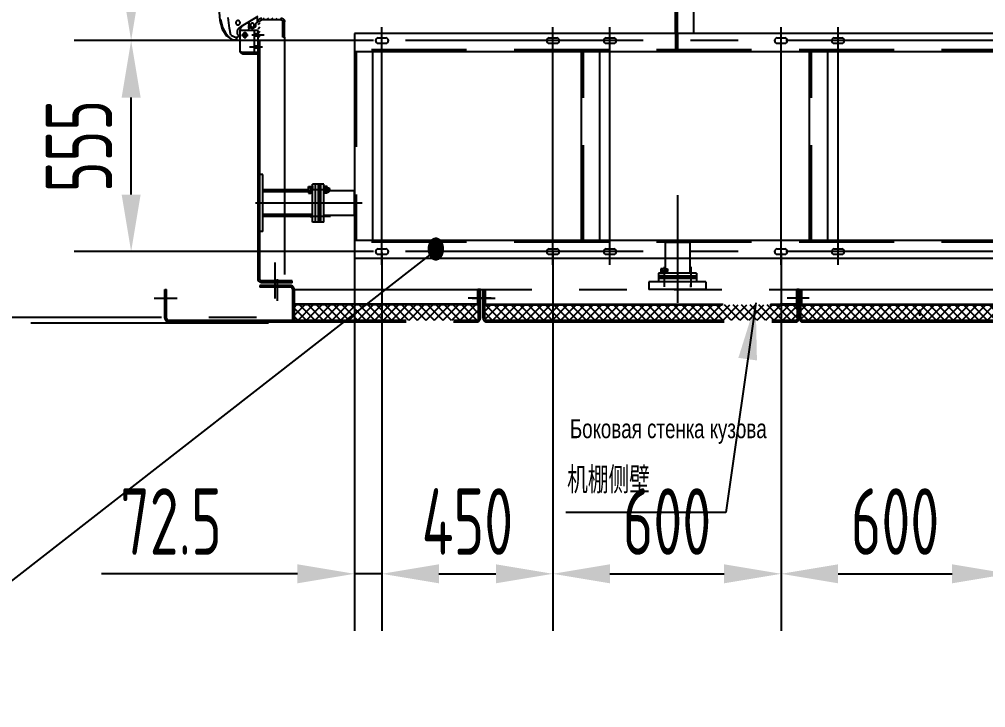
# Model space of a CAD drawing. Header units: millimetres. Extents: x 1934 to 22934, y 25951 to 41379.
# Drawn here: x 6474 to 9016, y 34630 to 36441 of the extents above; entities that cross this region are included whole.
import ezdxf
from ezdxf.enums import TextEntityAlignment as Align

# ---------------------------------------------------------------- set-up
doc = ezdxf.new("R2010")
doc.units = ezdxf.units.MM
doc.header["$LTSCALE"] = 500
for name, pattern in [('F', [0.75, 0.5, -0.25]), ('G', [2, 1.25, -0.25, 0.25, -0.25]), ('K', [2.5, 1.25, -0.25, 0.25, -0.25, 0.25, -0.25])]:
    doc.linetypes.add(name, pattern=pattern)
for name, color, linetype in [('01', 7, 'Continuous'), ('02', 1, 'Continuous'), ('04', 2, 'F'), ('05', 4, 'G'), ('07', 6, 'K'), ('08', 1, 'Continuous')]:
    doc.layers.add(name, color=color, linetype=linetype)
doc.styles.get("Standard").update_dxf_attribs({"font": 'isocp', "width": 0.707, "bigfont": 'intecad.shx'})
doc.dimstyles.new('INTE', dxfattribs={"dimscale": 50, "dimtxt": 3.5, "dimasz": 3, "dimexe": 3, "dimexo": 0, "dimgap": 1, "dimtad": 1, "dimdsep": 46, "dimtxsty": 'Standard', "dimcen": 0, "dimclrd": 1, "dimclre": 1, "dimclrt": 3, "dimadec": 0, "dimazin": 0, "dimtfac": 1, "dimtmove": 0, "dimatfit": 0, "dimfxl": 1, "dimarcsym": 0})
pattern_1 = [(45, (32201.197, -1405.669), (-11.22532, 11.22532), []), (135, (32201.197, -1405.669), (-11.22532, -11.22532), [])]

# ---------------------------------------------------------------- blocks, each defined once
blk = doc.blocks.new('CB')
at = {"layer": '07', "linetype": 'K'}
h = blk.add_hatch(dxfattribs=at)
h.set_pattern_fill('ANSI37', color=6, scale=5, style=0)
h.set_pattern_definition([(135, (35550.628, -1405.669), (11.22532, 11.22532), []), (45, (35550.628, -1405.669), (11.22532, -11.22532), [])])
edge = h.paths.add_edge_path()
edge.add_line((33382.4, -2.9), (33382.4, -42.9))
edge.add_line((33382.4, -42.9), (33862.9, -42.9))
edge.add_arc((33862.9, -37.9), 5, 270, 360)
edge.add_line((33867.9, -37.9), (33867.9, -2.9))
edge.add_line((33867.9, -2.9), (33382.4, -2.9))
h = blk.add_hatch(dxfattribs=at)
h.set_pattern_fill('ANSI37', color=6, scale=5, style=0)
h.set_pattern_definition(pattern_1)
h.paths.add_polyline_path([(34706.9, -2.9), (33883.9, -2.9), (33883.9, -37.9, 0.414214), (33888.9, -42.9), (34701.9, -42.9, 0.414214), (34706.9, -37.9)])
h = blk.add_hatch(dxfattribs=at)
h.set_pattern_fill('ANSI37', color=6, scale=5, style=0)
h.set_pattern_definition(pattern_1)
h.paths.add_polyline_path([(35536.9, -2.9), (34715.9, -2.9), (34715.9, -37.9, 0.414214), (34720.9, -42.9), (35531.9, -42.9, 0.414214), (35536.9, -37.9)])
at = {"layer": '07', "color": 6, "linetype": 'K'}
for p, q in [((33337.4, 64.7), (33337.4, 8)), ((33042.4, -37.9), (33042.4, 38.2)), ((33042.4, 38.2), (33046.9, 38.2)), ((33046.9, -37.9), (33046.9, 38.2)), ((33292.4, 48.2), (33292.4, 43.7)), ((33372.9, 48.2), (33292.4, 48.2)), ((33372.9, 43.7), (33292.4, 43.7)), ((33377.9, 38.7), (33377.9, -42.9)), ((33382.4, 38.7), (33382.4, -42.9)), ((33382.4, 38.2), (38771.9, 38.2)), ((33865.9, -0.9), (33865.9, 38.2)), ((33867.9, 38.2), (33865.9, 38.2)), ((33867.9, -37.9), (33867.9, 38.2)), ((33872.4, 38.2), (33867.9, 38.2)), ((33872.4, -37.9), (33872.4, 38.2)), ((33879.4, 38.2), (33883.9, 38.2)), ((33879.4, -37.9), (33879.4, 38.2)), ((33883.9, -37.9), (33883.9, 38.2)), ((33883.9, 38.2), (33885.9, 38.2)), ((33885.9, -0.9), (33885.9, 38.2)), ((34704.9, -0.9), (34704.9, 38.2)), ((34706.9, 38.2), (34704.9, 38.2)), ((34711.4, 38.2), (34706.9, 38.2)), ((34706.9, -37.9), (34706.9, 38.2)), ((34711.4, -37.9), (34711.4, 38.2)), ((34711.4, 38.2), (34715.9, 38.2)), ((34711.4, -37.9), (34711.4, 38.2)), ((34715.9, -37.9), (34715.9, 38.2)), ((34715.9, 38.2), (34717.9, 38.2)), ((34717.9, -0.9), (34717.9, 38.2)), ((33014.1, 15.2), (33074.5, 15.2)), ((33900.7, 15.2), (33840.3, 15.2)), ((33851.1, 15.2), (33911.5, 15.2)), ((34737.7, 15.2), (34679.3, 15.2)), ((33865.9, -0.9), (33382.4, -0.9)), ((33867.9, -2.9), (33382.4, -2.9)), ((33883.9, -2.9), (34706.9, -2.9)), ((33885.9, -0.9), (34661, -0.9)), ((34704.9, -0.9), (34661, -0.9)), ((34715.9, -2.9), (35536.9, -2.9)), ((34717.9, -0.9), (35493, -0.9)), ((33051.9, -42.9), (33862.9, -42.9)), ((33051.9, -47.4), (33862.9, -47.4)), ((33888.9, -42.9), (34701.9, -42.9)), ((33888.9, -47.4), (34701.9, -47.4)), ((34720.9, -42.9), (35531.9, -42.9)), ((34720.9, -47.4), (35531.9, -47.4))]:
    blk.add_line(p, q, dxfattribs=at)
for centre, radius, start, end in [((33372.9, 38.7), 9.5, 0, 90), ((33372.9, 38.7), 5, 0, 90), ((33051.9, -37.9), 9.5, 180, 270), ((33051.9, -37.9), 5, 180, 270), ((33862.9, -37.9), 9.5, 270, 0), ((33862.9, -37.9), 5, 270, 0), ((33888.9, -37.9), 9.5, 180, 270), ((33888.9, -37.9), 5, 180, 270), ((34701.9, -37.9), 9.5, 270, 0), ((34701.9, -37.9), 5, 270, 0), ((34720.9, -37.9), 9.5, 180, 270), ((34720.9, -37.9), 5, 180, 270)]:
    blk.add_arc(centre, radius, start, end, dxfattribs=at)
at = {"layer": '07', "color": 6, "linetype": 'K', "width": 0.605172}
blk.add_text('●', height=15, dxfattribs=at).set_placement((35024.1, -32.7), (35033.1, -32.7), align=Align.FIT)
blk = doc.blocks.new('NHB')
at = {"layer": '07', "color": 6, "linetype": 'K'}
for p, q in [((35802.8, 742.2), (35807.8, 742.2)), ((35802.8, 742.2), (35802.8, 662.2)), ((35802.8, 735.9), (35807.8, 740.9)), ((35807.8, 742.2), (35807.8, 662.2)), ((35802.8, 724.6), (35807.8, 729.6)), ((35802.8, 713.3), (35807.8, 718.3)), ((36449.3, 721.2), (36450.4, 722.2)), ((36449.3, 722.2), (36489.3, 722.2)), ((36449.3, 722.2), (36449.3, 717.2)), ((36449.3, 717.2), (36489.3, 717.2)), ((36456.7, 717.2), (36461.7, 722.2)), ((36468, 717.2), (36473, 722.2)), ((36479.3, 717.2), (36484.3, 722.2)), ((36490.5, 717.1), (36494.3, 720.9)), ((36494.3, 709.6), (36499.1, 714.4)), ((36494.3, 712.2), (36494.3, 662.2)), ((35761, 697.2), (35856.2, 697.2)), ((35802.8, 701.9), (35807.8, 706.9)), ((35802.8, 690.6), (35807.8, 695.6)), ((36494.3, 698.3), (36498.8, 702.8)), ((36494.3, 687), (36499.3, 692)), ((35802.8, 679.3), (35807.8, 684.3)), ((35802.8, 668), (35807.8, 673)), ((35803.9, 657.7), (35807.9, 661.7)), ((36423.5, 629.7), (36423.5, 664.1)), ((36455.3, 636.3), (36455.3, 668.1)), ((36494.3, 675.7), (36499.3, 680.7)), ((36494.3, 664.4), (36499.3, 669.4)), ((35810.1, 652.6), (35814.7, 657.2)), ((35812.8, 657.2), (36489.3, 657.2)), ((35812.8, 652.2), (37999.8, 652.2)), ((35821, 652.2), (35826, 657.2)), ((35832.3, 652.2), (35837.3, 657.2)), ((35843.6, 652.2), (35848.6, 657.2)), ((35854.9, 652.2), (35859.9, 657.2)), ((35866.3, 652.2), (35871.3, 657.2)), ((35877.6, 652.2), (35882.6, 657.2)), ((35888.9, 652.2), (35893.9, 657.2)), ((35900.2, 652.2), (35905.2, 657.2)), ((35911.5, 652.2), (35916.5, 657.2)), ((35922.8, 652.2), (35927.8, 657.2)), ((35939.1, 652.2), (35944.1, 657.2)), ((35950.5, 652.2), (35955.5, 657.2)), ((35961.8, 652.2), (35966.8, 657.2)), ((35973.1, 652.2), (35978.1, 657.2)), ((35984.4, 652.2), (35989.4, 657.2)), ((35995.7, 652.2), (36000.7, 657.2)), ((36007, 652.2), (36012, 657.2)), ((36018.3, 652.2), (36023.3, 657.2)), ((36029.7, 652.2), (36034.7, 657.2)), ((36041, 652.2), (36046, 657.2)), ((36052.3, 652.2), (36057.3, 657.2)), ((36063.6, 652.2), (36068.6, 657.2)), ((36074.9, 652.2), (36079.9, 657.2)), ((36086.2, 652.2), (36091.2, 657.2)), ((36097.5, 652.2), (36102.5, 657.2)), ((36108.8, 652.2), (36113.8, 657.2)), ((36120.2, 652.2), (36125.2, 657.2)), ((36131.5, 652.2), (36136.5, 657.2)), ((36142.8, 652.2), (36147.8, 657.2)), ((36154.1, 652.2), (36159.1, 657.2)), ((36165.4, 652.2), (36170.4, 657.2)), ((36176.7, 652.2), (36181.7, 657.2)), ((36188, 652.2), (36193, 657.2)), ((36199.4, 652.2), (36204.4, 657.2)), ((36210.7, 652.2), (36215.7, 657.2)), ((36222, 652.2), (36227, 657.2)), ((36233.3, 652.2), (36238.3, 657.2)), ((36244.6, 652.2), (36249.6, 657.2)), ((36255.9, 652.2), (36260.9, 657.2)), ((36267.2, 652.2), (36272.2, 657.2)), ((36278.6, 652.2), (36283.6, 657.2)), ((36289.9, 652.2), (36294.9, 657.2)), ((36301.2, 652.2), (36306.2, 657.2)), ((36312.5, 652.2), (36317.5, 657.2)), ((36323.8, 652.2), (36328.8, 657.2)), ((36335.1, 652.2), (36340.1, 657.2)), ((36346.4, 652.2), (36351.4, 657.2)), ((36357.8, 652.2), (36362.8, 657.2)), ((36369.1, 652.2), (36374.1, 657.2)), ((36380.4, 652.2), (36385.4, 657.2)), ((36391.7, 652.2), (36396.7, 657.2)), ((36403, 652.2), (36408, 657.2)), ((36404, 652.2), (36404, 614.9)), ((36404, 652.2), (36466.8, 652.2)), ((36408.6, 652.2), (36408.6, 610.1)), ((36408.6, 643), (36466.8, 643)), ((36414.3, 652.2), (36419.3, 657.2)), ((36420.5, 643), (36420.5, 652.2)), ((36425.6, 652.2), (36430.6, 657.2)), ((36426.5, 643), (36426.5, 652.2)), ((36436.9, 652.2), (36441.9, 657.2)), ((36448.3, 652.2), (36453.3, 657.2)), ((36452.3, 643), (36452.3, 652.2)), ((36458.3, 643), (36458.3, 652.2)), ((36459.6, 652.2), (36464.6, 657.2)), ((36466.8, 652.2), (36466.8, 604.9)), ((36470.9, 652.2), (36475.9, 657.2)), ((36502.9, 651.6), (36476.9, 607.8)), ((36482.2, 652.2), (36487.2, 657.2)), ((36463.3, 617.8), (36445.7, 617.8)), ((36454.5, 609), (36454.5, 626.6)), ((36480.8, 628.7), (36488.3, 627.1)), ((36414, 604.9), (36466.8, 604.9)), ((36442.2, 586.7), (36441.9, 593.2)), ((36444.7, 580.6), (36442.2, 586.7)), ((36454.4, 580.4), (36447.6, 594.3)), ((36449.5, 575.1), (36444.7, 580.6)), ((36452, 569.2), (36444.7, 580.6)), ((36458.3, 567.7), (36449.5, 575.1)), ((36469.6, 557.9), (36452, 569.2)), ((36454.4, 580.4), (36472.2, 576.8)), ((36474.6, 559.1), (36458.3, 567.7)), ((36472.2, 576.8), (36500.6, 573.5)), ((36492.5, 552.1), (36469.6, 557.9)), ((36496, 553.9), (36474.6, 559.1)), ((36536.5, 548.6), (36492.5, 552.1))]:
    blk.add_line(p, q, dxfattribs=at)
at = {"layer": '07'}
blk.add_line((36449.3, 722.2), (35807.8, 722.2), dxfattribs=at)
at = {"layer": '07', "color": 6, "linetype": 'K'}
for centre, radius in [((36480.4, 637.3), 5.1), ((36454.5, 617.8), 5.75), ((36486.8, 599.4), 5.64)]:
    blk.add_circle(centre, radius, dxfattribs=at)
for centre, radius, start, end in [((36489.3, 712.2), 10, 0, 90), ((36489.3, 712.2), 5, 0, 90), ((35812.8, 662.2), 10, 180, 240), ((35812.8, 662.2), 5, 180, 270), ((36489.3, 662.2), 5, 270, 0), ((36489.3, 662.2), 10, 270, 0), ((35812.8, 662.2), 10, 240, 270), ((36480.4, 637.3), 8.63, 76.5931, 272.4155), ((36414, 614.9), 10, 180, 270), ((36462.5, 626.7), 22.2, 281.2933, 324.2152), ((36414.9, 611.3), 6.34, 190.7602, 269.178), ((36444.9, 593), 3, 26.0833, 188.6026), ((36452.5, 595.3), 4.87, 44.9742, 195.8082), ((36461.6, 614.5), 16.7, 249.9859, 336.328)]:
    blk.add_arc(centre, radius, start, end, dxfattribs=at)
for points, knots in [([(36500.6, 647.7), (36500, 648.2), (36499, 649.1), (36497.3, 650.3), (36495.7, 650.1), (36494.4, 650.2), (36493.5, 650.2), (36492.9, 650.2), (36492.1, 650.2), (36491.1, 650.2), (36489.9, 650.1), (36489, 650.1), (36488.1, 650.1), (36487.7, 650.1), (36487, 650.2), (36486.9, 649.2), (36486.3, 648.7), (36486.3, 648), (36485.9, 647.6), (36485.6, 647.2), (36484.9, 646.1), (36483.6, 645.6), (36482.5, 645.7), (36482.4, 645.7)], [0, 0, 0, 0, 2.261436, 4.160168, 5.695822, 7.110322, 7.918286, 8.403066, 9.08983, 10.342167, 11.352921, 12.605258, 13.090038, 13.857595, 14.019192, 14.960797, 15.778279, 16.365989, 16.94826, 17.522111, 17.902974, 20.789855, 21.084049, 21.084049, 21.084049, 21.084049]), ([(36466.8, 627.6), (36467.7, 627.4), (36469.5, 627.2), (36471.1, 628.7), (36472.9, 629.3), (36474.1, 627.7), (36475.8, 628.5), (36477.6, 627.5), (36479.6, 628.8), (36482, 628.6), (36483.6, 628.9), (36485, 628.8), (36486.3, 628.9), (36488, 628.6), (36488.2, 627.5), (36488.3, 627.1)], [0, 0, 0, 0, 2.451134, 5.375445, 6.127513, 7.868326, 9.897743, 10.735699, 13.842233, 15.874784, 17.742739, 18.870195, 19.997651, 21.851776, 23.126211, 23.126211, 23.126211, 23.126211])]:
    blk.add_open_spline(points, degree=3, knots=knots, dxfattribs=at)
blk = doc.blocks.new('TERT')
at = {"layer": '01', "color": 7, "linetype": 'Continuous'}
for p, q in [((61747.5, 1666.9), (61747.5, 2120.9)), ((61795.5, 1666.9), (61795.5, 2120.9)), ((65697.5, 1666.9), (60902.5, 1666.9)), ((60902.5, 1666.9), (60902.5, 1074.9)), ((65697.5, 1618.9), (60902.5, 1618.9)), ((60950.5, 1618.9), (60950.5, 1122.9)), ((61500, 1122.9), (61500, 1618.9)), ((61548, 1122.9), (61548, 1618.9)), ((62100, 1122.9), (62100, 1618.9)), ((62148, 1122.9), (62148, 1618.9)), ((65697.5, 1122.9), (60902.5, 1122.9)), ((65697.5, 1074.9), (60902.5, 1074.9))]:
    blk.add_line(p, q, dxfattribs=at)
at = {"layer": '01'}
for p, q in [((60965, 1655.4), (60985, 1655.4)), ((61415, 1655.4), (61435, 1655.4)), ((61565, 1655.4), (61585, 1655.4)), ((62015, 1655.4), (62035, 1655.4)), ((62165, 1655.4), (62185, 1655.4)), ((60965, 1641.4), (60985, 1641.4)), ((61415, 1641.4), (61435, 1641.4)), ((61565, 1641.4), (61585, 1641.4)), ((62015, 1641.4), (62035, 1641.4)), ((62165, 1641.4), (62185, 1641.4)), ((60965, 1100.4), (60985, 1100.4)), ((61415, 1100.4), (61435, 1100.4)), ((61565, 1100.4), (61585, 1100.4)), ((62015, 1100.4), (62035, 1100.4)), ((62165, 1100.4), (62185, 1100.4)), ((60965, 1086.4), (60985, 1086.4)), ((61415, 1086.4), (61435, 1086.4)), ((61565, 1086.4), (61585, 1086.4)), ((62015, 1086.4), (62035, 1086.4)), ((62165, 1086.4), (62185, 1086.4))]:
    blk.add_line(p, q, dxfattribs=at)
at = {"layer": '01', "color": 7, "linetype": 'Continuous'}
for centre, start, end in [((60965, 1648.4), 90, 270), ((60985, 1648.4), 270, 90), ((61415, 1648.4), 90, 270), ((61435, 1648.4), 270, 90), ((61565, 1648.4), 90, 270), ((61585, 1648.4), 270, 90), ((62015, 1648.4), 90, 270), ((62035, 1648.4), 270, 90), ((62165, 1648.4), 90, 270), ((62185, 1648.4), 270, 90), ((60965, 1093.4), 90, 270), ((60985, 1093.4), 270, 90), ((61415, 1093.4), 90, 270), ((61435, 1093.4), 270, 90), ((61565, 1093.4), 90, 270), ((61585, 1093.4), 270, 90), ((62015, 1093.4), 90, 270), ((62035, 1093.4), 270, 90), ((62165, 1093.4), 90, 270), ((62185, 1093.4), 270, 90)]:
    blk.add_arc(centre, 7, start, end, dxfattribs=at)
at = {"layer": '04', "color": 2, "linetype": 'F'}
for p, q in [((61752.5, 1666.9), (61752.5, 2120.9)), ((61747.5, 1666.9), (61747.5, 1623.9)), ((61752.5, 1666.9), (61752.5, 1623.9)), ((65697.5, 1623.9), (60902.5, 1623.9)), ((60907.5, 1618.9), (60907.5, 1122.9)), ((61505, 1122.9), (61505, 1618.9)), ((62105, 1122.9), (62105, 1618.9)), ((65697.5, 1117.9), (60902.5, 1117.9))]:
    blk.add_line(p, q, dxfattribs=at)
at = {"layer": '05', "color": 4, "linetype": 'G'}
for p, q in [((60975, 1058.4), (60975, 1703.4)), ((61425, 1058.4), (61425, 1703.4)), ((61575, 1058.4), (61575, 1703.4)), ((62025, 1058.4), (62025, 1703.4)), ((62175, 1058.4), (62175, 1703.4)), ((65662.2, 1648.4), (60952.7, 1648.4)), ((65662.2, 1093.4), (60952.7, 1093.4))]:
    blk.add_line(p, q, dxfattribs=at)
blk = doc.blocks.new('*D930')
at = {"layer": '08', "color": 1, "lineweight": -2, "ltscale": 1.25}
for p, q in [((7355.3, 35834.1), (7355.3, 34832.4)), ((7427.8, 35827.3), (7427.8, 34832.4)), ((7205.3, 34982.4), (6690.4, 34982.4)), ((7427.8, 34982.4), (7355.3, 34982.4)), ((7577.8, 34982.4), (7727.8, 34982.4))]:
    blk.add_line(p, q, dxfattribs=at)
at = {"layer": '08', "color": 1, "ltscale": 1.25}
for points in [[(7205.3, 35007.4), (7205.3, 34957.4), (7355.3, 34982.4)], [(7577.8, 35007.4), (7577.8, 34957.4), (7427.8, 34982.4)]]:
    blk.add_solid(points, dxfattribs=at)
at = {"layer": 'Defpoints', "color": 0, "ltscale": 1.25}
for p in [(7355.3, 35834.1), (7427.8, 35827.3), (7355.3, 34982.4)]:
    blk.add_point(p, dxfattribs=at)
at = {"layer": '08', "color": 3, "ltscale": 1.25, "insert": (6872.8, 35120), "char_height": 175, "attachment_point": 5}
blk.add_mtext('72.5', dxfattribs=at)
blk = doc.blocks.new('*D931')
at = {"layer": '08', "color": 1, "lineweight": -2, "ltscale": 1.25}
for p, q in [((7877.8, 35827.3), (7877.8, 34832.4)), ((7427.8, 35763.5), (7427.8, 34832.4)), ((7577.8, 34982.4), (7727.8, 34982.4))]:
    blk.add_line(p, q, dxfattribs=at)
at = {"layer": '08', "color": 1, "ltscale": 1.25}
for points in [[(7577.8, 35007.4), (7577.8, 34957.4), (7427.8, 34982.4)], [(7727.8, 35007.4), (7727.8, 34957.4), (7877.8, 34982.4)]]:
    blk.add_solid(points, dxfattribs=at)
at = {"layer": 'Defpoints', "color": 0, "ltscale": 1.25}
for p in [(7877.8, 35827.3), (7427.8, 35763.5), (7877.8, 34982.4)]:
    blk.add_point(p, dxfattribs=at)
at = {"layer": '08', "color": 3, "ltscale": 1.25, "insert": (7652.8, 35119.9), "char_height": 175, "attachment_point": 5}
blk.add_mtext('450', dxfattribs=at)
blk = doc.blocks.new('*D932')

▬▬▬▬▬▬

Work required: Read through the entries and copy each line in which "Align" appears.

Response below:
from ezdxf.enums import TextEntityAlignment as Align
blk.add_text('●', height=15, dxfattribs=at).set_placement((35024.1, -32.7), (35033.1, -32.7), align=Align.FIT)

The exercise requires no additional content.